Die Unfallermittler kommen zu dem Ergebnis, dass das Unglück „auf eine Aneinanderreihung von sicherheitskritischen Faktoren“ zurückzuführen ist. „Mehrere ursächliche, beitragende und systemische Faktoren führten dazu, dass sich eine Ereigniskette bilden konnte und letztlich zur Kollision der Züge führte.“ Zudem wurden sicherheitsrelevante Regelwerksvorgaben laut dem Bericht nicht umgesetzt.

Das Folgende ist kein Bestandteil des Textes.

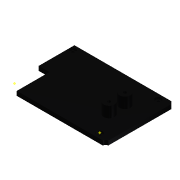
# Autodesk Inventor part: CustomBox_ardplate
Saved by Autodesk Inventor 2013 (Build 170138000, 138)
## iProperties
Created: 2013-03-21
Part Number: CustomBox_ardplate
Material: Generic
Document SubType Name: Modeling
Designer: Alexander
Density: 1 g/cm^3
Author: Alexander
Autodesk Inventor part; units mm, degrees
ref_plane "YZ Plane" through (0, 0, 0) normal (1, 0, 0) x (0, 1, 0)
ref_plane "XZ Plane" through (0, 0, 0) normal (0, 1, 0) x (-1, 0, 0)
ref_plane "XY Plane" through (0, 0, 0) normal (0, 0, 1) x (1, 0, 0)
sketch "Sketch1" plane through (0, 0, 0) normal (0, 1, 0) x (-1, 0, 0)
  line L0 (0, 0) -> (71.12, 0)
  line L1 (71.12, 0) -> (71.12, 40.64)
  line L2 (71.12, 40.64) -> (0, 40.64)
  line L3 (0, 40.64) -> (0, 0)
  dimension "d0" = 71.12
  dimension "d1" = 40.64
  constraints: 8 end point, 2 parallel, 1 horizontal, 1 perpendicular
  measures "d0" distance of L2.end L1.end
  measures "d1" distance of L0.end L1.end
extrude "Extrusion1" add sketch "Sketch1" along normal blind 2.54
sketch "Sketch8" plane through (0, 2.54, 0) normal (0, 1, 0) x (1, 0, 0)
  line L0 (0, -40.64) -> (0, 0) projected
  circle A0 centre (-6.35, -37.719) radius 0.8
  circle A1 centre (-6.35, -2.921) radius 0.8
  circle A2 centre (-57.15, -2.921) radius 0.8
  circle A3 centre (-57.15, -37.719) radius 0.8
  dimension "d75" = 1.6
  dimension "d76" = 1.6
  dimension "d77" = 1.6
  dimension "d78" = 1.6
  dimension "d79" = 6.35
  dimension "d108" = 50.8
  constraints: 4 centre point, 2 horizontal alignment, 2 vertical alignment
  measures "d75" diameter of A0
  measures "d76" diameter of A1
  measures "d77" diameter of A2
  measures "d78" diameter of A3
  measures "d79" distance from line of L0 A0.centre
  measures "d108" distance of A1.centre A2.centre
hole "Hole2" at (-57.15, 2.54, 2.921) at (-57.15, 2.54, 37.719) at (-6.35, 2.54, 37.719) at (-6.35, 2.54, 2.921) direction (0, -1, 0) diameter 1.6 end through all counterbore diameter 3.5 counterbore depth 1.27
sketch "Sketch9" plane through (0, 2.54, 0) normal (0, 1, 0) x (1, 0, 0)
  line L0 (0, 0) -> (-71.12, 0) projected
  line L1 (-71.12, 0) -> (-71.12, -40.64) projected
  line L2 (0, -40.64) -> (0, 0) projected
  arc A0 (0, -39.0525) -> (-1.5875, -40.64) centre (0, -40.64) ccw
  arc A1 (-1.5875, 0) -> (0, -1.5875) centre (0, 0) ccw
  arc A2 (-69.5325, -40.64) -> (-71.12, -39.0525) centre (-71.12, -40.64) ccw
  arc A3 (-71.12, -1.5875) -> (-69.5325, 0) centre (-71.12, 0) ccw
  line L3 (-1.5875, 0) -> (0, 0)
  line L4 (0, 0) -> (0, -1.5875)
  line L5 (0, -39.0525) -> (0, -40.64)
  line L6 (0, -40.64) -> (-1.5875, -40.64)
  line L7 (-69.5325, -40.64) -> (-71.12, -40.64)
  line L8 (-71.12, -40.64) -> (-71.12, -39.0525)
  line L9 (-69.5325, 0) -> (-71.12, 0)
  line L10 (-71.12, 0) -> (-71.12, -1.5875)
  point P0 (-69.85, -7.9375)
  dimension "d87" = 1.5875
  dimension "d89" = 1.5875
  dimension "d90" = 1.5875
  dimension "d91" = 1.5875
  constraints: 16 end point, 8 point on circle, 4 centre point, 4 coincident, 4 collinear, 2 point on line, 1 horizontal, 1 perpendicular, 1 vertical, 2 other
  measures "d87" radius of A0
  measures "d89" radius of A1
  measures "d90" radius of A2
  measures "d91" radius of A3
extrude "Extrusion9" cut sketch "Sketch9" against normal through all
sketch "Sketch10" plane through (0, 2.54, 0) normal (0, 1, 0) x (1, 0, 0)
  circle A0 centre (-13.4874, -15.5956) radius 3.175
  circle A1 centre (-13.4874, -25.0444) radius 3.175
  line L0 (0, -39.0525) -> (0, -1.5875) projected
  line L1 (-1.5875, 0) -> (-69.5325, 0) projected
  dimension "d95" = 6.35
  dimension "d96" = 6.35
  dimension "d122" = 13.4874
  dimension "d123" = 13.4874
  dimension "d125" = 9.4488
  dimension "d126" = 15.5956
  constraints: 2 centre point
  measures "d95" diameter of A0
  measures "d96" diameter of A1
  measures "d122" distance from line of L0 A0.centre
  measures "d123" distance from line of L0 A1.centre
  measures "d125" distance of A1.centre A0.centre
  measures "d126" distance from line of L1 A0.centre
extrude "Extrusion10" add sketch "Sketch10" along normal blind 6.35
sketch "Sketch11" plane through (-13.4874, 8.89, 15.5956) normal (0, 1, 0) x (1, 0, 0)
  circle A0 centre (0, 0) radius 3.175 projected
  circle A1 centre (0, -9.4488) radius 3.175 projected
  circle A2 centre (0, 0) radius 0.875
  circle A3 centre (0, -9.4488) radius 0.875
  line L0 (0, -12.6238) -> (17.5736, -12.6238)
  point P0 (13.4874, 15.5956)
  dimension "d106" = 1.75
  dimension "d107" = 1.75
  constraints: 2 centre point, 2 coincident, 2 end point, 2 horizontal, 1 vertical alignment, 1 other
  measures "d106" diameter of A2
  measures "d107" diameter of A3
sketch "Sketch12" plane through (0, 2.54, 0) normal (0, 1, 0) x (1, 0, 0)
  line L0 (-71.12, -1.5875) -> (-71.12, -39.0525) projected
  line L1 (-71.12, 2.2213) -> (-59.1056, 2.2213)
  line L2 (-59.1056, -41.9087) -> (-71.12, -41.9087)
  line L3 (-71.12, -41.9087) -> (-71.12, 2.2213)
  line L4 (0, -39.0525) -> (0, -1.5875) projected
  line L5 (-59.1056, -41.9087) -> (-52.7556, -41.9087)
  line L6 (-52.7556, -41.9087) -> (-52.7556, -21.2712)
  line L7 (-52.7556, -21.2712) -> (-59.1056, -21.2712)
  line L8 (-59.1056, 2.2213) -> (-59.1056, -21.2712)
  dimension "d128" = 20.6375
  dimension "d129" = 6.35
  constraints: 14 end point, 4 perpendicular, 2 parallel, 1 horizontal, 1 point on line
  measures "d128" distance of L5.end L6.end
  measures "d129" distance of L6.end L7.end
extrude "Extrusion11" cut sketch "Sketch12" against normal blind 25.4
extrude "Extrusion12" cut sketch "Sketch11" against normal blind 5 contours A2 | A3
body "Solid1"

Neben den Personenschäden entstand auch ein hoher Sachschaden, der auf insgesamt 1,935 Millionen Euro beziffert wird. Bei der Kollision wurden die Lok und die ersten Wagen des auffahrenden GAG 60101 sowie die letzten Wagen des DGS 42174 erheblich beschädigt. Schäden entstanden außerdem am Ladegut beider Züge sowie an der Infrastruktur.